The changes in immunoreactive markers, especially 5-HT, in the trigeminal subnuclei Sp5O and Sp5I and solitary nuclei are similar to the initial observations made in trigeminal subcaudalis that we reported recently (Mustafa et al., 2016). Collectively, these injury-associated changes contribute to the functional understanding of the widespread facial allodynia, alteration in meningeal and cerebral blood vessels, and visceral pain/allodynia observed following TBI. Although the exact mechanism of PTH is not known, the injury-associated changes that lead to sensitization of trigeminal system are promising candidates for headache related pain. There has been no dependable preclinical model to date to measure the headache related pain. However, facial allodynia, a clinical manifestation of headache-like symptom considered to be manifested in the majority of TBI patients, is here considered as a highly relevant surrogate marker for pain associated with many forms of primary headaches including migraine; and behavioral quantitation of this allodynia is measurable by an operant based technology (Edelmayer et al., 2009).
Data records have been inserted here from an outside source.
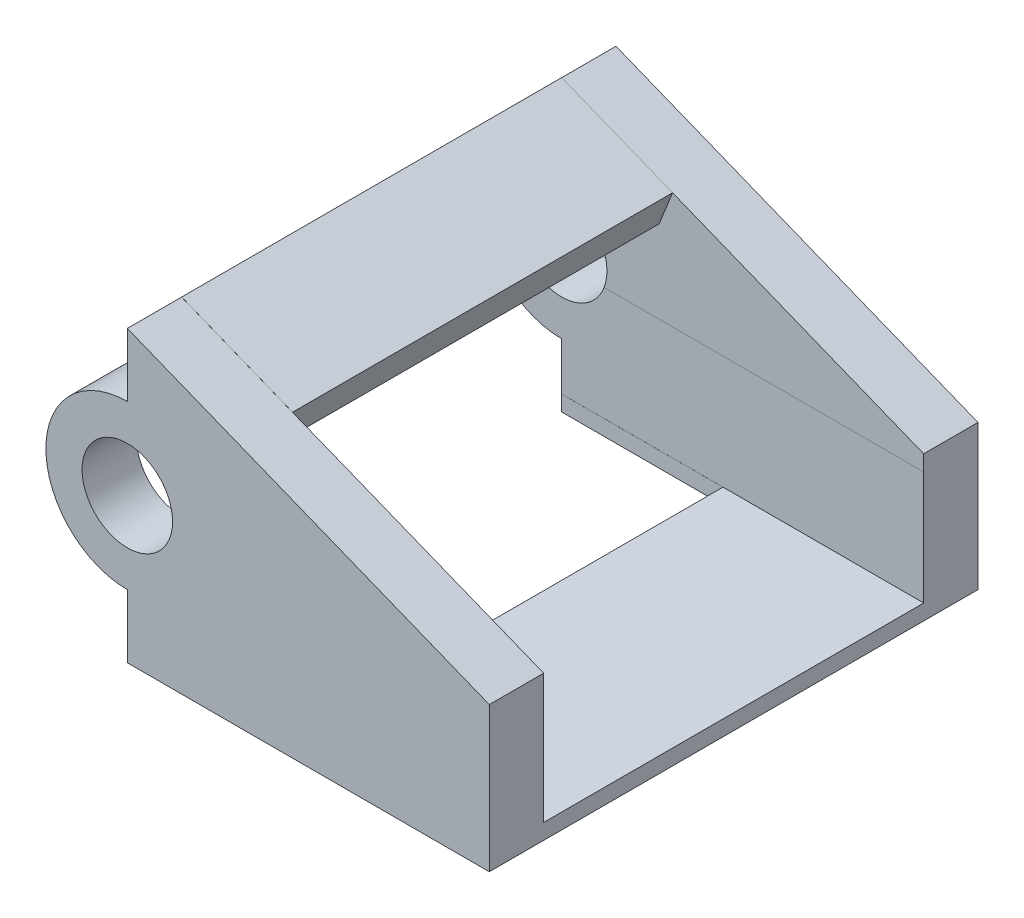
from build123d import *

# Parameters (mm, degrees)
EXTRUDE_2_DEPTH      = 27
CUT_EXTRUDE_1_DEPTH  = 30
CUT_EXTRUDE_3_DEPTH  = 30
SKETCH_8_W           = 8.910998672
SKETCH_8_H           = 15
CUT_EXTRUDE_4_DEPTH  = 30
SKETCH_38_W          = 5.996496197
SKETCH_38_H          = 7.141479878
CUT_EXTRUDE_5_DEPTH  = 40
SKETCH_41_W          = 6
SKETCH_41_H          = 16.93537555
CUT_EXTRUDE_6_DEPTH  = 40
SKETCH_43_W          = 8.910998672
SKETCH_43_H          = 6
CUT_EXTRUDE_7_DEPTH  = 40
SKETCH_36_R          = 2.5
CUT_EXTRUDE_8_DEPTH  = 40
SKETCH_45_W          = 9.597439288
SKETCH_45_H          = 20.996496197
EXTRUDE_8_DEPTH      = 2
CUT_EXTRUDE_10_DEPTH = 25
SKETCH_49_W          = 3
SKETCH_49_H          = 20.996496197
CUT_EXTRUDE_11_DEPTH = 10


with BuildPart() as part:
    # 草图1 → 凸台-拉伸2 (new body)
    with BuildSketch(Plane.XY):
        with BuildLine():
            Line((-8.910998672, 11.111238711), (11.089001328, 3.111238711))
            Line((11.089001328, 3.111238711), (11.089001328, -4.888761289))
            Line((11.089001328, -4.888761289), (-8.910998672, -4.888761289))
            Line((-8.910998672, -4.888761289), (-8.910998672, -3.888761289))
            Line((-8.910998672, -3.888761289), (-8.910998672, -1.388761289))
            ThreePointArc((-8.910998672, -1.388761289), (-13.410998672, 3.111238711), (-8.910998672, 7.611238711))
            Line((-8.910998672, 7.611238711), (-8.910998672, 10.111238711))
            Line((-8.910998672, 10.111238711), (-8.910998672, 11.111238711))
        make_face()
    extrude(amount=EXTRUDE_2_DEPTH)

    # 草图19 → 切除-拉伸-薄壁1 (cut)
    with BuildSketch(Plane(origin=(11.089001328, 0, 0), x_dir=(0, 0, -1), z_dir=(1, 0, 0))):
        Polygon((-18, -4.030241167), (-18, 12.241944183), (-3, 12.241944183), (-3, 2.241944183), (-8, 2.241944183), (-8, -4.030241167), align=None)
    extrude(amount=-CUT_EXTRUDE_1_DEPTH, mode=Mode.SUBTRACT)

    # 草图27 → 切除-拉伸3 (cut)
    with BuildSketch(Plane(origin=(11.089001328, 0, 0), x_dir=(0, 0, -1), z_dir=(1, 0, 0))):
        Polygon((-8, -4.030241167), (-2.998694363, -4.030241167), (-3, 2.241944183), (-8, 2.241944183), align=None)
    extrude(amount=-CUT_EXTRUDE_3_DEPTH, mode=Mode.SUBTRACT)

    # 草图8 → 切除-拉伸4 (cut)
    with BuildSketch(Plane(origin=(0, -4.888761289, 0), x_dir=(-1, 0, 0), z_dir=(0, -1, 0))):
        with Locations((4.455499336, -10.5)):
            Rectangle(SKETCH_8_W, SKETCH_8_H)
    extrude(amount=-CUT_EXTRUDE_4_DEPTH, mode=Mode.SUBTRACT)

    # 草图38 → 切除-拉伸5 (cut)
    with BuildSketch(Plane(origin=(11.089001328, 0, 0), x_dir=(0, 0, -1), z_dir=(1, 0, 0))):
        with Locations((-20.998248098, -0.459501228)):
            Rectangle(SKETCH_38_W, SKETCH_38_H)
    extrude(amount=-CUT_EXTRUDE_5_DEPTH, mode=Mode.SUBTRACT)

    # 草图41 → 切除-拉伸6 (cut)
    with BuildSketch(Plane(origin=(21.089001328, 0, 0), x_dir=(0, 0, -1), z_dir=(1, 0, 0))):
        with Locations((-20.996496197, 4.437446608)):
            Rectangle(SKETCH_41_W, SKETCH_41_H)
    extrude(amount=-CUT_EXTRUDE_6_DEPTH, mode=Mode.SUBTRACT)

    # 草图43 → 切除-拉伸7 (cut)
    with BuildSketch(Plane.XZ.offset(4.888761289)):
        with Locations((-4.455499336, 21)):
            Rectangle(SKETCH_43_W, SKETCH_43_H)
    extrude(amount=-CUT_EXTRUDE_7_DEPTH, mode=Mode.SUBTRACT)

    # 草图36 → 切除-拉伸8 (cut)
    with BuildSketch(Plane(origin=(0, 0, 0), x_dir=(-1, 0, 0), z_dir=(0, 0, -1))):
        with Locations((8.910998672, 3.111238711)):
            Circle(SKETCH_36_R)
    extrude(amount=-CUT_EXTRUDE_8_DEPTH, mode=Mode.SUBTRACT)


with BuildPart() as body_2:
    # 草图45 → 凸台-拉伸8 (new body)
    with BuildSketch(Plane(origin=(2.602358359, 6.505895899, 0), x_dir=(0.928476691, -0.371390676, 0), z_dir=(0.371390676, 0.928476691, 0))):
        with Locations((-7.601545375, -13.498248099)):
            Rectangle(SKETCH_45_W, SKETCH_45_H)
    extrude(amount=-EXTRUDE_8_DEPTH)

    # 草图47 → 切除-拉伸10 (cut)
    with BuildSketch(Plane(origin=(0, 0, 3), x_dir=(-1, 0, 0), z_dir=(0, 0, -1))):
        Polygon((8.910998672, 11.111238711), (8.910998672, 8.957172788), (9.653780025, 9.254285329), align=None)
    extrude(amount=-CUT_EXTRUDE_10_DEPTH, mode=Mode.SUBTRACT)

    # 草图49 → 切除-拉伸11 (cut)
    with BuildSketch(Plane(origin=(2.602358359, 6.505895899, 0), x_dir=(0.928476691, -0.371390676, 0), z_dir=(0.371390676, 0.928476691, 0))):
        with Locations((-4.302825731, -13.498248099)):
            Rectangle(SKETCH_49_W, SKETCH_49_H)
    extrude(amount=-CUT_EXTRUDE_11_DEPTH, mode=Mode.SUBTRACT)


solid = Compound([part.part, body_2.part])

The involvement of trigeminal sensory system and trigeminal vascular system has already been documented by several researchers as key structures for headache related pain (Oshinsky and Gomonchareonsiri, 2007; Noseda and Burstein, 2013). In line to this, our findings show significant changes in several neuromodulators in the spinal trigeminal nuclei, and in the solitary nucleus. Accordingly, widespread changes in the trigeminal nucleus may significantly contribute to the tactile allodynia and facial pain in TBI patients. It is important to note that the level of 5-HT was altered in all three parts of the spinal nucleus of TSS. Accordingly, we predict that the changes in NTS after mTBI may be related to PTH development, and other posttraumatic complications like visceral pain. 5-HT is an excitatory neurotransmitter that is directly related to exacerbation of pain. Clinical data suggest that in addition to PTH, patients with mTBI report problems in gag reflex and in blood pressure, which are directly related to dysfunction of the NTS.